周りの視線が気になる前にあの場を去り、大好きな我が家へ帰ってきた。それからの時間は早くて、いじっている携帯の右上に表示される時間は19︰02となっている。

ダイニングテーブルに伏せるような形で、美味しそうな匂いを放つ夕飯を待つ。匂いの正体はわかっているのに、なかなかそれとは出会えない。体の中心辺りから、可哀想なほどの音が鳴った。もう何度目だろうか。

「お腹空いたっ……」

次第に携帯をいじる気力もなくなり、腕の上にのせていた顔を伏せた。すると空腹が限界に達し、眠気が襲ってきた。

しばらく空腹と眠気に耐えていると、頭の上でテーブルになにか硬いものを置く音が聞こえた。

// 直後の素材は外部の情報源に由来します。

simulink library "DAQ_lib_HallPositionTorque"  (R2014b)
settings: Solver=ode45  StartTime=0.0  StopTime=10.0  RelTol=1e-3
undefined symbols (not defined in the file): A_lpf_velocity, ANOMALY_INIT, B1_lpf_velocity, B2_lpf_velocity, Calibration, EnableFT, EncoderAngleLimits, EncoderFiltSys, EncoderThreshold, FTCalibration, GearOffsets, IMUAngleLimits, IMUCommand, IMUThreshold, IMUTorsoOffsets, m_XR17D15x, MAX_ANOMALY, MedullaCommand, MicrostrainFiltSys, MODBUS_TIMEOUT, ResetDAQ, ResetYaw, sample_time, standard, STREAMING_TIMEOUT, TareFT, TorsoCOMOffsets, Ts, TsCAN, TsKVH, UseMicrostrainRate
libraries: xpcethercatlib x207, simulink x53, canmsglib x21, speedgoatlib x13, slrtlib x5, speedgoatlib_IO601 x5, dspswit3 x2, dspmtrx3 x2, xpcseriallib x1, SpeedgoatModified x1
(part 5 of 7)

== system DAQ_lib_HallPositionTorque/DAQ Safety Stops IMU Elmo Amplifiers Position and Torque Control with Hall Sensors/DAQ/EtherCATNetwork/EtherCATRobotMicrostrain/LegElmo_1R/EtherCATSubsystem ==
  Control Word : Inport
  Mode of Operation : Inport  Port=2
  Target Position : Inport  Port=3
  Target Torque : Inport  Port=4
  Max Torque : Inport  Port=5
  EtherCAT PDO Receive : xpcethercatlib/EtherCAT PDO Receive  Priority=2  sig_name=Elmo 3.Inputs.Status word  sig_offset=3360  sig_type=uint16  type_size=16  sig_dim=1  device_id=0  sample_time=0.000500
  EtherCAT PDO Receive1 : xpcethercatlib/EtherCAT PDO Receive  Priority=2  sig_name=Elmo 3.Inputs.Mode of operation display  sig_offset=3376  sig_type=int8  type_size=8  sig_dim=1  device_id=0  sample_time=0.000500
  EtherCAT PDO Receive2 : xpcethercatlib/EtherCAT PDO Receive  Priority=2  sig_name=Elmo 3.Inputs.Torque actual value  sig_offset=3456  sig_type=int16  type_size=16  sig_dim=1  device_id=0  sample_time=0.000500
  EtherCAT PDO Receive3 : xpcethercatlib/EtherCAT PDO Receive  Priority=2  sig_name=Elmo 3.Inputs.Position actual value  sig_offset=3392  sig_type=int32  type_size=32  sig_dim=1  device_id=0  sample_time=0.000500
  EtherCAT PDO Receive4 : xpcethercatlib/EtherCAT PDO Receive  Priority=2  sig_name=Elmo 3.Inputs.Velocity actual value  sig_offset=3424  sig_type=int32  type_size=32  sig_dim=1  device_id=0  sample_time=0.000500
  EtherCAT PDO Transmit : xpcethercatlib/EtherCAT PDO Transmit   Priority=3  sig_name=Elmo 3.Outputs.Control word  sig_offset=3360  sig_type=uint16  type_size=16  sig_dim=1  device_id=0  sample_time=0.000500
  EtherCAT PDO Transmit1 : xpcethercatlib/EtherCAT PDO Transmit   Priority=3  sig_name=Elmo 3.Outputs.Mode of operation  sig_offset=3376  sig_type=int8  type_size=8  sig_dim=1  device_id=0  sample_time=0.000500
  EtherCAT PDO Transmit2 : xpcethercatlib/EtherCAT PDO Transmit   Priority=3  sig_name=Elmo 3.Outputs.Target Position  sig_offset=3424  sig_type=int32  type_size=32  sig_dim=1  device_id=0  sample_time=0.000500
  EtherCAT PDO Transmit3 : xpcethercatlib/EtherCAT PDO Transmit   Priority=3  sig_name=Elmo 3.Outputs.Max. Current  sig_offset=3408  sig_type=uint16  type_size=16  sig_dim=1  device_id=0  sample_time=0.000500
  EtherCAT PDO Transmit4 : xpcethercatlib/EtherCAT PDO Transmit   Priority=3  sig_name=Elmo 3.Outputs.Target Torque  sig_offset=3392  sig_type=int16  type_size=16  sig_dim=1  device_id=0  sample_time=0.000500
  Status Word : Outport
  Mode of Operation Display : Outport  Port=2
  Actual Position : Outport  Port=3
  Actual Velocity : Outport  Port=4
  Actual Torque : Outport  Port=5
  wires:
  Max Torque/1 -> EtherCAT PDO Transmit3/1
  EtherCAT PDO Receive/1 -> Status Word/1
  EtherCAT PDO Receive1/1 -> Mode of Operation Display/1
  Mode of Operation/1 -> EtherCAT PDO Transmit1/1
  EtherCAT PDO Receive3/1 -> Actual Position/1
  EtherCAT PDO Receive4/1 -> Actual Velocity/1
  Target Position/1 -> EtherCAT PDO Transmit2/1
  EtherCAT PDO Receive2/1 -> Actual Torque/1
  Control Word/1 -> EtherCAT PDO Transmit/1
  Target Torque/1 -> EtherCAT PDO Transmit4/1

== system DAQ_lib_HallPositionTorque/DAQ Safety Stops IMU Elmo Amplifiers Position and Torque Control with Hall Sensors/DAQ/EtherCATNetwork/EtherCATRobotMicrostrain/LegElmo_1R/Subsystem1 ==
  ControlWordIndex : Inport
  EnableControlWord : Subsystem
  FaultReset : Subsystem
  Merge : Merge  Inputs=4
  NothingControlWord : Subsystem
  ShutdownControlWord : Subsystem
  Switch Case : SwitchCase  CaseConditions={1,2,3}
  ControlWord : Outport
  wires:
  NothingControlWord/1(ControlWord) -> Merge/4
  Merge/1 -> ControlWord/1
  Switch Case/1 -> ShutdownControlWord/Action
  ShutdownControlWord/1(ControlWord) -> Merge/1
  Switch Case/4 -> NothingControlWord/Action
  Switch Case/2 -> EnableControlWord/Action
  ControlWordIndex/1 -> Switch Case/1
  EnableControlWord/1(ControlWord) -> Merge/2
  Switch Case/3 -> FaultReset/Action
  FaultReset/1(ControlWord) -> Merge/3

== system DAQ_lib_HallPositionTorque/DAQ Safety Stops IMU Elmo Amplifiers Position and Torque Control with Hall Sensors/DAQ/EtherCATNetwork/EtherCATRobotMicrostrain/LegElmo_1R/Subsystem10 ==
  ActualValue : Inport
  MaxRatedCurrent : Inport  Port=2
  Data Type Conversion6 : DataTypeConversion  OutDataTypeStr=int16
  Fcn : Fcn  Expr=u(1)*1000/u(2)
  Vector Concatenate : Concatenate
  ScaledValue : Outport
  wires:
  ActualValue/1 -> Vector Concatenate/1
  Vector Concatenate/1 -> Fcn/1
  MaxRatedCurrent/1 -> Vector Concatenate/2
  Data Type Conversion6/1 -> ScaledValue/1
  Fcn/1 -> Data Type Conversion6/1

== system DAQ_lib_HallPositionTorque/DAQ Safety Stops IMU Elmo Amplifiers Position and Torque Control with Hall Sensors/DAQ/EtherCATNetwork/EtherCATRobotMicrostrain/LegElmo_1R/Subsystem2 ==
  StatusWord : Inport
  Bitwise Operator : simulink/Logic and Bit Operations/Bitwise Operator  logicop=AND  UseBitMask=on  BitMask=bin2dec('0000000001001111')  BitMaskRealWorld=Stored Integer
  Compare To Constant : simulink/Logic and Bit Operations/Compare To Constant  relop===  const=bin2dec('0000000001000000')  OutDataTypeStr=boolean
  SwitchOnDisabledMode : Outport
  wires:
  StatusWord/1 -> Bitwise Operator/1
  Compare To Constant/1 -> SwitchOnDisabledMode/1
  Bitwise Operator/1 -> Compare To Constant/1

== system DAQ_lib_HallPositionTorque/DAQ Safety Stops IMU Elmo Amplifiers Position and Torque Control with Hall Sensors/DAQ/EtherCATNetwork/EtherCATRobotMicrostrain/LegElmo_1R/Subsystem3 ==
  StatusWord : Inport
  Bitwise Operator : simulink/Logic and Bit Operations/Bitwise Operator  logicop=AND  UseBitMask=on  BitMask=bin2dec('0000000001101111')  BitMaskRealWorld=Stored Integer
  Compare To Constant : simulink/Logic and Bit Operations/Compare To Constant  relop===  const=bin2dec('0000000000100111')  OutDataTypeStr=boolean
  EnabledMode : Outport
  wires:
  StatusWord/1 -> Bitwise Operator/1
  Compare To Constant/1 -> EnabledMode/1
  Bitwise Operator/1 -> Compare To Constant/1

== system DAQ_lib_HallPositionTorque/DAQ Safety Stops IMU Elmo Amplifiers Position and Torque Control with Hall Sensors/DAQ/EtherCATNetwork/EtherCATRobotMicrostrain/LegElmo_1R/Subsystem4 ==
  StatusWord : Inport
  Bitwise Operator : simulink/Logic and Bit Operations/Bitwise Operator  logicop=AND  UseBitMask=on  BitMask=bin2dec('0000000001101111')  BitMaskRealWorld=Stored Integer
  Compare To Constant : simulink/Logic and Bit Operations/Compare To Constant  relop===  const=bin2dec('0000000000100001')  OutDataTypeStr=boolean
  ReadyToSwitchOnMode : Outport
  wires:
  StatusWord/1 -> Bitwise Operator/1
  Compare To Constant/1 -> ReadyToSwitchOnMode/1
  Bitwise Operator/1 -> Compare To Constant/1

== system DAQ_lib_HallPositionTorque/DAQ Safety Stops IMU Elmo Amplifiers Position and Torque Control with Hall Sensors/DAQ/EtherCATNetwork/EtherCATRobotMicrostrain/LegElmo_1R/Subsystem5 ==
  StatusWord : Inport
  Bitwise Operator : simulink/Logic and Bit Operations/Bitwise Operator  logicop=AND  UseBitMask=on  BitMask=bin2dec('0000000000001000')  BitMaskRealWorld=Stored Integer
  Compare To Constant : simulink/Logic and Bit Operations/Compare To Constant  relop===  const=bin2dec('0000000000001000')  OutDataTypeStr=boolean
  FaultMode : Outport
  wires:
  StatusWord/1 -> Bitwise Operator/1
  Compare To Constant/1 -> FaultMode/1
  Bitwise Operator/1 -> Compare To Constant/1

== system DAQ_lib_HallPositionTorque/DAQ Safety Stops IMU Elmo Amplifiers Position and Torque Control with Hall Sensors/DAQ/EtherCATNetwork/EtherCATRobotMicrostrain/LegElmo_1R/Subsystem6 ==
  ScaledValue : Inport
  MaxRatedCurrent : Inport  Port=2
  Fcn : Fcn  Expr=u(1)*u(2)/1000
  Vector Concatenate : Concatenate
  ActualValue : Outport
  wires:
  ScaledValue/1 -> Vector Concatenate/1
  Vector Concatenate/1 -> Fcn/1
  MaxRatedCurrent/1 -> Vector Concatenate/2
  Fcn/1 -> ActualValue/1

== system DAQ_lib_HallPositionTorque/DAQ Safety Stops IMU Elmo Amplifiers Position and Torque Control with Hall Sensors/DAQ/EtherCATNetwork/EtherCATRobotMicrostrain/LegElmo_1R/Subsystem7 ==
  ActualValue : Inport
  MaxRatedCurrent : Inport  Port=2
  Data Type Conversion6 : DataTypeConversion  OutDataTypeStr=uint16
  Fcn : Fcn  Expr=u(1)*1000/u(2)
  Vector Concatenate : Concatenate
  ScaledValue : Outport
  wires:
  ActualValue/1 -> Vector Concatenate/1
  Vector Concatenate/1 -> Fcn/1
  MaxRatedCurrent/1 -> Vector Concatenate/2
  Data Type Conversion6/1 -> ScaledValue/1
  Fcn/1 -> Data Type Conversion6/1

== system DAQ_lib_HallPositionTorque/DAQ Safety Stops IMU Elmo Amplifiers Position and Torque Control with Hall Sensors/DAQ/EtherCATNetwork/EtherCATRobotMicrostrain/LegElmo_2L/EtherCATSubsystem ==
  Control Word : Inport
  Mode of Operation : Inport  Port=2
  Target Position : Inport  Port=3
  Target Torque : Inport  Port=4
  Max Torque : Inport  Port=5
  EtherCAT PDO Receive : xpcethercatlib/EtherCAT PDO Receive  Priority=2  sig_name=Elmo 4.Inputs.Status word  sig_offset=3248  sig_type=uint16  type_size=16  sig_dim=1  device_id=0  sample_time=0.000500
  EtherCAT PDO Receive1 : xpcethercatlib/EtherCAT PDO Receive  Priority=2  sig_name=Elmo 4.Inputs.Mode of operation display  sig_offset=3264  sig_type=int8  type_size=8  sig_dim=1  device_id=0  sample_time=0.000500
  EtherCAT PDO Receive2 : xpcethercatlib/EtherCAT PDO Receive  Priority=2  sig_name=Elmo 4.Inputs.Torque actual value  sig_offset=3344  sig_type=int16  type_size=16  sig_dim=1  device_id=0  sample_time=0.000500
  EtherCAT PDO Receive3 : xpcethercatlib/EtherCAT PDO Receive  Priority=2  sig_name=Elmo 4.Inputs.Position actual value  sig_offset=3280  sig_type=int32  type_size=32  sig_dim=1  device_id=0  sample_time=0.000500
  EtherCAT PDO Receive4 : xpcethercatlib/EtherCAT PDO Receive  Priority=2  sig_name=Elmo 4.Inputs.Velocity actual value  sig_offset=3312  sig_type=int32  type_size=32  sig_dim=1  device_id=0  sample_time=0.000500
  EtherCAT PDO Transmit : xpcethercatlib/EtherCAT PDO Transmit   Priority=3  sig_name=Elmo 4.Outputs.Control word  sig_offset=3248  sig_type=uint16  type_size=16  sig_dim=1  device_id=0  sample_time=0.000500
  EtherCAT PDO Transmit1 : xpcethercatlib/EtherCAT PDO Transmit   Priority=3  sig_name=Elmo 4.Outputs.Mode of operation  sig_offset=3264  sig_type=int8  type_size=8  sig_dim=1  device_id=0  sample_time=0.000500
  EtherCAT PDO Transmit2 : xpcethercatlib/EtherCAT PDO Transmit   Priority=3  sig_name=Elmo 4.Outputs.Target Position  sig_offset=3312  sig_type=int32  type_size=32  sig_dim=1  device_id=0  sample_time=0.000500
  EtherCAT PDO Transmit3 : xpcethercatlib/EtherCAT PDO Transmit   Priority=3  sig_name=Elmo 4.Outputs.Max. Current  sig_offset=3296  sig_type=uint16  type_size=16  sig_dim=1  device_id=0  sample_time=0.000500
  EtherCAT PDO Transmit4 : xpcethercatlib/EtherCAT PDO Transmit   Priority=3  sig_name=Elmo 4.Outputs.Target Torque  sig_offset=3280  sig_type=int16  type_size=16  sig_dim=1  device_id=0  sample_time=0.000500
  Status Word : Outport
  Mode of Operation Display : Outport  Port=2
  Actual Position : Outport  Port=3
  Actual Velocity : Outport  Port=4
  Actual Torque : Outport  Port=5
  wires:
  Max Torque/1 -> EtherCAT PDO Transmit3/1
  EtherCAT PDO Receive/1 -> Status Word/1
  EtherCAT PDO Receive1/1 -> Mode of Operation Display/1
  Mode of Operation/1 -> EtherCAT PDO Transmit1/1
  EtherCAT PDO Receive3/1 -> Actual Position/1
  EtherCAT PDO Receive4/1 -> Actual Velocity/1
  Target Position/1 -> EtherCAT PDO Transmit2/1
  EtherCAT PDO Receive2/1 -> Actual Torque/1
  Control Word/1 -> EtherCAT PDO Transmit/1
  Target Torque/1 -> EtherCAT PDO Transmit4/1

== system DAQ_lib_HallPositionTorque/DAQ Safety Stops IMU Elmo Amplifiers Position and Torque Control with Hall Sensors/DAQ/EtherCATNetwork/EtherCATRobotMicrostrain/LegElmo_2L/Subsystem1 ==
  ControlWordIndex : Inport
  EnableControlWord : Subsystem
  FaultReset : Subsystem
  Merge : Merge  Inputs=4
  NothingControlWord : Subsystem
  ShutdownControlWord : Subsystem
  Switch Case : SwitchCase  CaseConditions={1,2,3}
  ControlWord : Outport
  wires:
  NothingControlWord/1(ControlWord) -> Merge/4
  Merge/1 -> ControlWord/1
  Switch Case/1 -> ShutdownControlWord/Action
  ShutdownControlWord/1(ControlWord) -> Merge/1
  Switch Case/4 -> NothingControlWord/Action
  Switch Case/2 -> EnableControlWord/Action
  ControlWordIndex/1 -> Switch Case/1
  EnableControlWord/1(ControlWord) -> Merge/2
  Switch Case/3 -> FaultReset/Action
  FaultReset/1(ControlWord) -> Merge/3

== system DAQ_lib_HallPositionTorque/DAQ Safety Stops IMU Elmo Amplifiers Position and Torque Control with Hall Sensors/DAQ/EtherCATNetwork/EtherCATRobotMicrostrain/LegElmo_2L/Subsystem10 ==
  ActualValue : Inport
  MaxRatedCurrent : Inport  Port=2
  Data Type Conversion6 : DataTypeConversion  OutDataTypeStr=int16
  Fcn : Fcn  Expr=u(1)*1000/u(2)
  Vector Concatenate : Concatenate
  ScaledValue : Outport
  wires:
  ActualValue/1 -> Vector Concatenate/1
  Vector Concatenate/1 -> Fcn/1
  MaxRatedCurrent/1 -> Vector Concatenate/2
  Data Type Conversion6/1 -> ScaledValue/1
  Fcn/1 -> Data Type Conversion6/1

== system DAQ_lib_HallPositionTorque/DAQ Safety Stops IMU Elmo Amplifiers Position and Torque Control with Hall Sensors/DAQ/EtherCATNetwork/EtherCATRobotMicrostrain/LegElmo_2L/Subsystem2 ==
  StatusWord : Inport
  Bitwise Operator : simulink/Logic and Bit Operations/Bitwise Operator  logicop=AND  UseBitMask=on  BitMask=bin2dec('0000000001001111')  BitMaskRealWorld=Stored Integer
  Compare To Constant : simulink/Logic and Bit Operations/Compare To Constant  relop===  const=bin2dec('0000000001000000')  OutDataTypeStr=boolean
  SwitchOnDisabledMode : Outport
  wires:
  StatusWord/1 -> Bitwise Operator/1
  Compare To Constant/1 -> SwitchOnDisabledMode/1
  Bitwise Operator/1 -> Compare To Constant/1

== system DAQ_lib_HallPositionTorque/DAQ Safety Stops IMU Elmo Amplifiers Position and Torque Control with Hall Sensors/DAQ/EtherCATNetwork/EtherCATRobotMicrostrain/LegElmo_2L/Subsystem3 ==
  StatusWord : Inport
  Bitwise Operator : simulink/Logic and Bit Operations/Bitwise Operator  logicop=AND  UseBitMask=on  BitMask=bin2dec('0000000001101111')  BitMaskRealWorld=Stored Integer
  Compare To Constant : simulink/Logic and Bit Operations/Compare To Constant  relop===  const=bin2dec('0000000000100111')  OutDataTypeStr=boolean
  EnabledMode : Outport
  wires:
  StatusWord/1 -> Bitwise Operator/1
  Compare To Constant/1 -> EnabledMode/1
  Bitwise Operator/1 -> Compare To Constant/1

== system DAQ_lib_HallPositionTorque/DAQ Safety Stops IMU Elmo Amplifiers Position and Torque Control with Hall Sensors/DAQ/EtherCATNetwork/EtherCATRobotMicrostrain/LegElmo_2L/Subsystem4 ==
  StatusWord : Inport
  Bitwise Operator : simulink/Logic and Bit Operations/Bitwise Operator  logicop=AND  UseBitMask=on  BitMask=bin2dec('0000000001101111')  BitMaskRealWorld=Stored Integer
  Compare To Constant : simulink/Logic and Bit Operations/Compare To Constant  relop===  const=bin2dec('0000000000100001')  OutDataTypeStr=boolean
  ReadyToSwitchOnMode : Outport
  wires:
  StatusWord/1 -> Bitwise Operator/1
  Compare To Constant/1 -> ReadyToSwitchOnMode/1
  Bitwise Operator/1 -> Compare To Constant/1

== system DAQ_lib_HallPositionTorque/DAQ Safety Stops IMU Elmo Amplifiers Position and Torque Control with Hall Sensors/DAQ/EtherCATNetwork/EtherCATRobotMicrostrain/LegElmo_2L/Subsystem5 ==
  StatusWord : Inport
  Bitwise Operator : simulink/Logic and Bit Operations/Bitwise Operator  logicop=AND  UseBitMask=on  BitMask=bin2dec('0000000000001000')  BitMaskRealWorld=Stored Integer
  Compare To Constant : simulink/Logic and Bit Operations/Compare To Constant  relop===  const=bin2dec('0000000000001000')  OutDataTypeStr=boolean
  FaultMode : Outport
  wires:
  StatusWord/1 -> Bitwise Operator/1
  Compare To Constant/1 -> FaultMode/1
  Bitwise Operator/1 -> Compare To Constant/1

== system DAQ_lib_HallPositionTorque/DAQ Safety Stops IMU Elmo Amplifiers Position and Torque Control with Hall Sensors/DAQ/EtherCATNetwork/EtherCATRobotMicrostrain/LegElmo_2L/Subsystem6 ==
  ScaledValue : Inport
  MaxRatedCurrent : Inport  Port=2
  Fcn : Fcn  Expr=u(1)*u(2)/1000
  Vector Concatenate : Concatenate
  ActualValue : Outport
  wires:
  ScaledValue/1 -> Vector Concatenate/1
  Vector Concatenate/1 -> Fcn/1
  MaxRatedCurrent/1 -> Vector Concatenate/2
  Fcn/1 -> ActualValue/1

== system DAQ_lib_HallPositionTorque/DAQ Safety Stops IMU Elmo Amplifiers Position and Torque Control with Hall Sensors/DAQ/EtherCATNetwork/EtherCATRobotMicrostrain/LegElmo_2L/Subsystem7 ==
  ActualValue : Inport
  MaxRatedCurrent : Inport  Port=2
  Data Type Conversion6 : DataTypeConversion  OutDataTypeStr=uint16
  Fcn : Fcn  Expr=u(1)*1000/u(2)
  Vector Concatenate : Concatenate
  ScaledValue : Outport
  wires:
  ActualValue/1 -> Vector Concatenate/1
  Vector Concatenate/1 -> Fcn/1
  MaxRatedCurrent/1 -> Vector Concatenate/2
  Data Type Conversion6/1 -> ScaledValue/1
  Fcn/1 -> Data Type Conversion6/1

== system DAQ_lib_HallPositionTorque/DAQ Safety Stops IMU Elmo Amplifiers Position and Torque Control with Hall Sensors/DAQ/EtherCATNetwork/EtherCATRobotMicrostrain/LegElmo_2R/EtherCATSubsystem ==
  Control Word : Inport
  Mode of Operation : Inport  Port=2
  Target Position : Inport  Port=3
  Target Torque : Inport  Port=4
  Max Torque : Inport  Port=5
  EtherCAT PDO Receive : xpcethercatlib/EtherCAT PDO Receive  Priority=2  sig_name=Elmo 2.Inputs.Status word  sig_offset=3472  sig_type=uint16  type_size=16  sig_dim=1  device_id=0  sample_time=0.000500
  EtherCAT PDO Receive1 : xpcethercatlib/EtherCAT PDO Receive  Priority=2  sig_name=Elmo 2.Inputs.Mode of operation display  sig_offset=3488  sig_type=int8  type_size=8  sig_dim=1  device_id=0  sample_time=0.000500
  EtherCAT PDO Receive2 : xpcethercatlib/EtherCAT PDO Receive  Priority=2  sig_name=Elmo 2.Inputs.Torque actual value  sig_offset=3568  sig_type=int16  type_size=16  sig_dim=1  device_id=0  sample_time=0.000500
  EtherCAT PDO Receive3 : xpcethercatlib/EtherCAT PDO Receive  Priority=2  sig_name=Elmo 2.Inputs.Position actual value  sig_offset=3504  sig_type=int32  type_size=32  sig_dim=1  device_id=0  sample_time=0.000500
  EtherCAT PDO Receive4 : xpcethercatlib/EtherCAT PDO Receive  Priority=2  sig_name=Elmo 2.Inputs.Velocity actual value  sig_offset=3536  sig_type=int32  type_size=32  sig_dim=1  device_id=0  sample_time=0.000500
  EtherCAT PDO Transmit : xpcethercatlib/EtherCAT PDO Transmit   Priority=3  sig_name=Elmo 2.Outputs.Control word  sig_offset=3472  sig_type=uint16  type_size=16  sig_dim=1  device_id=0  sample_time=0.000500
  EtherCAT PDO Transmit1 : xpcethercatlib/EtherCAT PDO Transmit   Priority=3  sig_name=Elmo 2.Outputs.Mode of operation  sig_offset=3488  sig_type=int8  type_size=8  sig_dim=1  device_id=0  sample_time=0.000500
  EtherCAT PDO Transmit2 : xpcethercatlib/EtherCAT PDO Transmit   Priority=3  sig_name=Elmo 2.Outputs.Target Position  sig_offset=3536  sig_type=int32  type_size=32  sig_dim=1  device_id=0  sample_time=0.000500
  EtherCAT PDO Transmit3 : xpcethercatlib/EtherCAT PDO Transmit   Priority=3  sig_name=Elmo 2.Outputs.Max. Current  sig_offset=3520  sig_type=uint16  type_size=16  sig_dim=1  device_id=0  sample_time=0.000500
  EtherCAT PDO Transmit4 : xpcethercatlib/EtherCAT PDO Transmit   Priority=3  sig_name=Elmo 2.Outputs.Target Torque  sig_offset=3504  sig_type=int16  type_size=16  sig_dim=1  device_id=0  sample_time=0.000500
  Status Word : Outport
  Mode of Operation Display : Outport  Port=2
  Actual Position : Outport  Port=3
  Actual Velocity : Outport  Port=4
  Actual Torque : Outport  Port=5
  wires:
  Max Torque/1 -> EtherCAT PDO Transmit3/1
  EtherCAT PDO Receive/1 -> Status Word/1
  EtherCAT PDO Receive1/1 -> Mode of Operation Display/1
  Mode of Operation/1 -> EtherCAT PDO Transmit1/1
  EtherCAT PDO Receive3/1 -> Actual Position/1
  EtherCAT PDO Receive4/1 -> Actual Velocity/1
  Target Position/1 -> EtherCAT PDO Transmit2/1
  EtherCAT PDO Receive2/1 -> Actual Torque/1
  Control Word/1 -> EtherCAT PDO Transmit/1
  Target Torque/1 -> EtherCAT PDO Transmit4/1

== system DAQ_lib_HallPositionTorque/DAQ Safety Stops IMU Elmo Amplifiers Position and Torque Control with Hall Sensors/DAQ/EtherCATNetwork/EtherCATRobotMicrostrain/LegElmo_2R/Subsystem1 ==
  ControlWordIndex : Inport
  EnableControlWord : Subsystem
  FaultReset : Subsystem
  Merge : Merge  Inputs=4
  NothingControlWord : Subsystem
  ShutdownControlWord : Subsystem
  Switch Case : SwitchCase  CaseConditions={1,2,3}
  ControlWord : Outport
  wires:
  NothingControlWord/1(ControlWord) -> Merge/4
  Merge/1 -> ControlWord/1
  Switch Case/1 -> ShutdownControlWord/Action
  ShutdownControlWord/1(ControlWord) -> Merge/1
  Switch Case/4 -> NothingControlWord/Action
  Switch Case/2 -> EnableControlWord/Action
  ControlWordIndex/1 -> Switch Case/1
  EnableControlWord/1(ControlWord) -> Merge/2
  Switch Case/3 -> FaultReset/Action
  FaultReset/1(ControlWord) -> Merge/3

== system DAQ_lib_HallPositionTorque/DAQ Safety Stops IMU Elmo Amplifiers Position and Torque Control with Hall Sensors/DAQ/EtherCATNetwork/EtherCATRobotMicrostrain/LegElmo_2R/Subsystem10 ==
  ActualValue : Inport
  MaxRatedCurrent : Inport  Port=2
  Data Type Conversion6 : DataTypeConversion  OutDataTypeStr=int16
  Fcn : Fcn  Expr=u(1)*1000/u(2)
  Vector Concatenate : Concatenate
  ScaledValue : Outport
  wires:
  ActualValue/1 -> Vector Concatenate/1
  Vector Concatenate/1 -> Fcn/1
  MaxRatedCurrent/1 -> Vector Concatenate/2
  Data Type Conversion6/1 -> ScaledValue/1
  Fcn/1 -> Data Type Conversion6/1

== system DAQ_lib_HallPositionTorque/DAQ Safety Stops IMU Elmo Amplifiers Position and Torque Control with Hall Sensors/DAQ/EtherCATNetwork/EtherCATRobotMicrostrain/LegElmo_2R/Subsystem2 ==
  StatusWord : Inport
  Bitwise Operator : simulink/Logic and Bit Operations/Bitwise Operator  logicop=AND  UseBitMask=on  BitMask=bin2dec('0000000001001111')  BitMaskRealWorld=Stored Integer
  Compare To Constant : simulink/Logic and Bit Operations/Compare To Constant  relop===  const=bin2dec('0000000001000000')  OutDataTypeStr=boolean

勢いよく顔を上げれば、予想通りの料理が盛られた皿があった。ナポリタンだ。私の大好きな、昔ながらのといった感じのナポリタン。

「やった。待ってましたっ」

ようやく空腹とおさらばできると幸せな気持ちでフォークを握ると、「ちょっと?」とお母さんの声が飛んできた。

フォークがパスタに触れる直前のところで手が止まる。視線を上げると、お母さんの意地悪な笑みが現れた。

「手、洗ってきなさい?」

しれっと視線を皿へ戻す。母は、空腹で目の前にナポリタンがあるこの状況で手を洗えと言っているのか。

「あっ、帰ってきてから洗った。大丈夫」

「嘘つき」

意地悪なお母さんを、悲しさをアピールした目で見つめてみた。

私は目の前の料理を食べることを望み、皿に盛られたオレンジ色に輝く麺は、今すぐにでも食べられることを望んでいるのに、母はそんなことを言うのか。

「……わかった。じゃあ一口食べてから……」

「忘れたフリするでしょ」

許してくれる気配のないお母さんの声に、私はフォークをテーブルに戻し、ため息をついた。

「しょうがないなあ」

えらいえらいというお母さんの声を背中で聞きながら、悲鳴を上げるお腹を励ましてリビングを出た。